### ASSIGNED TASK
From the entries, copy out every line in which the word "gemaakt" is found.

━━ GIVEN DATA

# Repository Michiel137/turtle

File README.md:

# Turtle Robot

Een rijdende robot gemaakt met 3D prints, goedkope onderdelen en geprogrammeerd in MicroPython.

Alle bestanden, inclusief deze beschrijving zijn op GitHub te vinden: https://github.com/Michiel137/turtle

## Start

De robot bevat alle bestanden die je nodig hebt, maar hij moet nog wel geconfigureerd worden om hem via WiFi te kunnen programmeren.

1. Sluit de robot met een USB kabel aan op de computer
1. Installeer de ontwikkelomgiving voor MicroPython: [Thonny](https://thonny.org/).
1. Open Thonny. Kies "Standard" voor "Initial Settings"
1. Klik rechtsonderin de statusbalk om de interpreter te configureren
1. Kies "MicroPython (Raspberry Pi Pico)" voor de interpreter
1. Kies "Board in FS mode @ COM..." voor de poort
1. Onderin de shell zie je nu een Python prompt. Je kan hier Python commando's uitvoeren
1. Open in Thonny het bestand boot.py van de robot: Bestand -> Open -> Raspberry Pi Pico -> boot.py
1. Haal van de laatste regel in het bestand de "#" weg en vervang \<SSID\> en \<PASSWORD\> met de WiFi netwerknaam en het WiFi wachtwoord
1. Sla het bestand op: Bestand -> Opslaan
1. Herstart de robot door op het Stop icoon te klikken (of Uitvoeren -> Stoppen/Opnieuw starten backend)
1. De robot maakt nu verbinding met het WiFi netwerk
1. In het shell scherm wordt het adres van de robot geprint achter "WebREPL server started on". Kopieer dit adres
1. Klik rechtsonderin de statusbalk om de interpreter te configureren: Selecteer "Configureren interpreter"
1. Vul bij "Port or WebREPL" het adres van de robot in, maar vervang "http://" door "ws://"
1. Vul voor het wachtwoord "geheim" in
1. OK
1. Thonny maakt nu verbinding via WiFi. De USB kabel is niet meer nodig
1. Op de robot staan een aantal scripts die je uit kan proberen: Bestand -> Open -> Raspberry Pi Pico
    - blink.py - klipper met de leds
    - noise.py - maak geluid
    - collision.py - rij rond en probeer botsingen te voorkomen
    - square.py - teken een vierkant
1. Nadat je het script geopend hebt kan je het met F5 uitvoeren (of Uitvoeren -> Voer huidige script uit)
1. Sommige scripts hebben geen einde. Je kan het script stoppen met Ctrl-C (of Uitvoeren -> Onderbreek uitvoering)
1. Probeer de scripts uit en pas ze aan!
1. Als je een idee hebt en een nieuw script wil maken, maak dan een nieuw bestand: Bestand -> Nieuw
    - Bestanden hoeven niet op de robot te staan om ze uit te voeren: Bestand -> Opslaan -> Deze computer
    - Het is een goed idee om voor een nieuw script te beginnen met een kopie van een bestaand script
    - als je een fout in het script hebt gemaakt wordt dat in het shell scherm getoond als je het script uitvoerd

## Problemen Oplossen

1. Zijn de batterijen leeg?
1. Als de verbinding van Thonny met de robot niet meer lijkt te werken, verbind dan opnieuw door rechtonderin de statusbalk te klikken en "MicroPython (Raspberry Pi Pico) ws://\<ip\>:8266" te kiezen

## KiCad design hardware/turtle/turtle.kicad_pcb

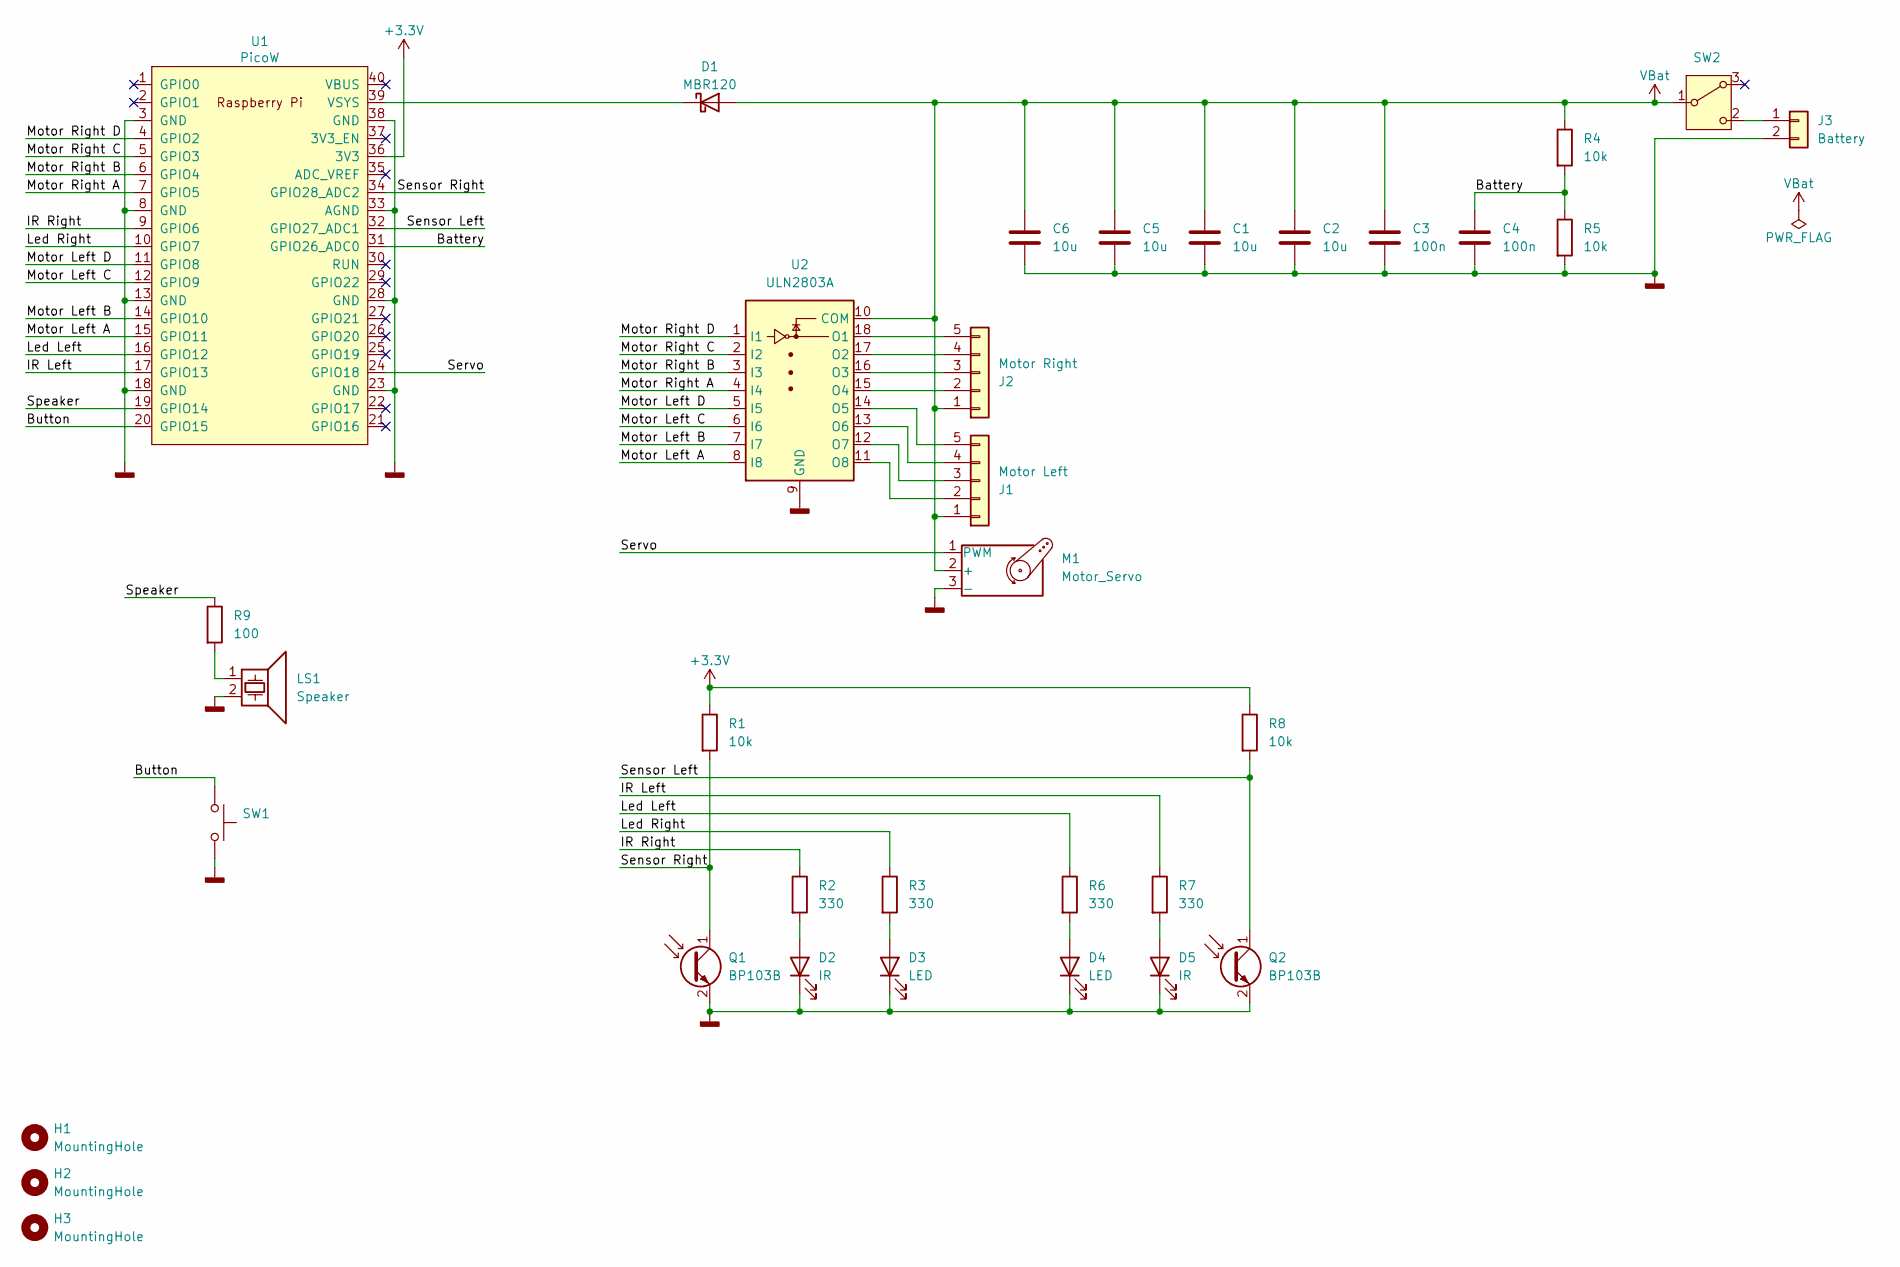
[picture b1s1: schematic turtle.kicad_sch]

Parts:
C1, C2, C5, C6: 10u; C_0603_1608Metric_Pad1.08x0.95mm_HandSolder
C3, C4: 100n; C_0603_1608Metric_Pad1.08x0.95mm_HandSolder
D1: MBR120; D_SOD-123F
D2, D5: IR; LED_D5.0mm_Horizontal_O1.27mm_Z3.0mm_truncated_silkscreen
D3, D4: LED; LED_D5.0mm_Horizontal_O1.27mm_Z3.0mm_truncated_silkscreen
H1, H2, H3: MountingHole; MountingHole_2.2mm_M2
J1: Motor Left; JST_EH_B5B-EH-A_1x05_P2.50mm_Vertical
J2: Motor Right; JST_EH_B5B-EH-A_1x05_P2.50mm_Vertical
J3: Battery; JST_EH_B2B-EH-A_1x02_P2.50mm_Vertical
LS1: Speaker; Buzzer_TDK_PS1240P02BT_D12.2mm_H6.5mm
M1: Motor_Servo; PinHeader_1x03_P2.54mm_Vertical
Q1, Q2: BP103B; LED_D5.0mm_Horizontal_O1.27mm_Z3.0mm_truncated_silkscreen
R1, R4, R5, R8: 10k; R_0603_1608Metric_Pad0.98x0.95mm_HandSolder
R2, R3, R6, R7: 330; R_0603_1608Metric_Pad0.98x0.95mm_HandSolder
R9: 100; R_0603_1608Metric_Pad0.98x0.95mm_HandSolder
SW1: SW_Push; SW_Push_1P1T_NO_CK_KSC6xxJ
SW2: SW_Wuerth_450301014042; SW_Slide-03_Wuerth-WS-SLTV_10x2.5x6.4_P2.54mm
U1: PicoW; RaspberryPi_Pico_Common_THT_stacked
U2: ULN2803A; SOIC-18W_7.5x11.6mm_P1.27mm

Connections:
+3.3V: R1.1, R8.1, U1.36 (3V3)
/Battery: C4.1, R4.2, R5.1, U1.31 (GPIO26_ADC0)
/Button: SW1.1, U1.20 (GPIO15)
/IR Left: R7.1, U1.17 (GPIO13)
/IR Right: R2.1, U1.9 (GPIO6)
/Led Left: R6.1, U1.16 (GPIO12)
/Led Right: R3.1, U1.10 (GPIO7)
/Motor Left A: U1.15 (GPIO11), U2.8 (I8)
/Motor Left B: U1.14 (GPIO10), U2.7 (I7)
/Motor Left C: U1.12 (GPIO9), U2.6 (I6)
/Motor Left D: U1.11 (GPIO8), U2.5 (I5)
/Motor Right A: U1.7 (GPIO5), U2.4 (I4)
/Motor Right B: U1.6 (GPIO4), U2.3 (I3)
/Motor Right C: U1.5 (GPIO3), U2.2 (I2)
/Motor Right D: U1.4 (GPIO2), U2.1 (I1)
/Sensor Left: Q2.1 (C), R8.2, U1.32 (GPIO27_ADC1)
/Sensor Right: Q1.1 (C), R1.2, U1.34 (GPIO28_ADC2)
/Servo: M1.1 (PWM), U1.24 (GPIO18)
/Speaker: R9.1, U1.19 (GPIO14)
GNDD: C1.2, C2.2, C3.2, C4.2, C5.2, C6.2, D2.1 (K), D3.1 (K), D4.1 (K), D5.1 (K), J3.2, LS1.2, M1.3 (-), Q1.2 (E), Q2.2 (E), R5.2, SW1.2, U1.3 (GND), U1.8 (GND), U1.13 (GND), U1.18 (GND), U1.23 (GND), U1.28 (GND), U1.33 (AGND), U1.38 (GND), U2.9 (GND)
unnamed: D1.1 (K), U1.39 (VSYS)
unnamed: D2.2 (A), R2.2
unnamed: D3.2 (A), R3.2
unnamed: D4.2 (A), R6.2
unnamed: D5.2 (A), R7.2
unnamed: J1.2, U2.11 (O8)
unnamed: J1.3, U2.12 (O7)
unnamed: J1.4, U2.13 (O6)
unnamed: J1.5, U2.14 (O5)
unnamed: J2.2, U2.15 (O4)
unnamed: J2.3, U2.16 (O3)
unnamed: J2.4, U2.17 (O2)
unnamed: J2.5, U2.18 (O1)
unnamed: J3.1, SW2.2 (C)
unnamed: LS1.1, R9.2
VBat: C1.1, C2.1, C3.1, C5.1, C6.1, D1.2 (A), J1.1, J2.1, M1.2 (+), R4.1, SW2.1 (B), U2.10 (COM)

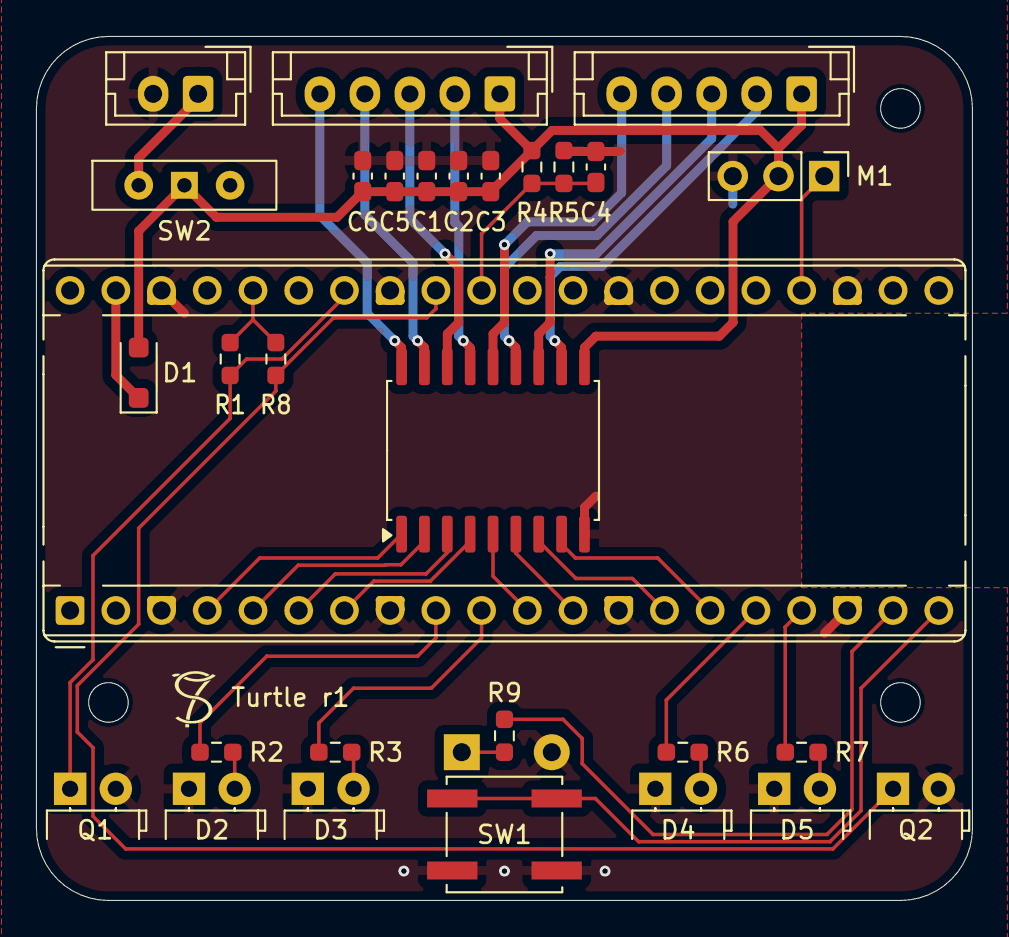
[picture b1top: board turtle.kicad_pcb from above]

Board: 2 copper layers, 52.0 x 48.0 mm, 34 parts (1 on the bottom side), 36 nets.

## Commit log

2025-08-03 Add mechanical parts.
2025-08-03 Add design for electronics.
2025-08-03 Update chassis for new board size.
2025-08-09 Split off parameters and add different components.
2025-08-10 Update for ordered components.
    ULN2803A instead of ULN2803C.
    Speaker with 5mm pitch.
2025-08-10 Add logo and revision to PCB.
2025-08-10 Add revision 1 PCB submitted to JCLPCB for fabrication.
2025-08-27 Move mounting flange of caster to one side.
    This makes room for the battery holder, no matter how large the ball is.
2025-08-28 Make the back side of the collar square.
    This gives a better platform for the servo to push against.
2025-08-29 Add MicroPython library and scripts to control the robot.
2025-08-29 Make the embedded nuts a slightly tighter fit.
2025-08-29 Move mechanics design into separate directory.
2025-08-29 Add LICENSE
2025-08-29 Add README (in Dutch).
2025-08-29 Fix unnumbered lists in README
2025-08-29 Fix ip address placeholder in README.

━━━━

### FINISHED TASK
Een rijdende robot gemaakt met 3D prints, goedkope onderdelen en geprogrammeerd in MicroPython.
    - als je een fout in het script hebt gemaakt wordt dat in het shell scherm getoond als je het script uitvoerd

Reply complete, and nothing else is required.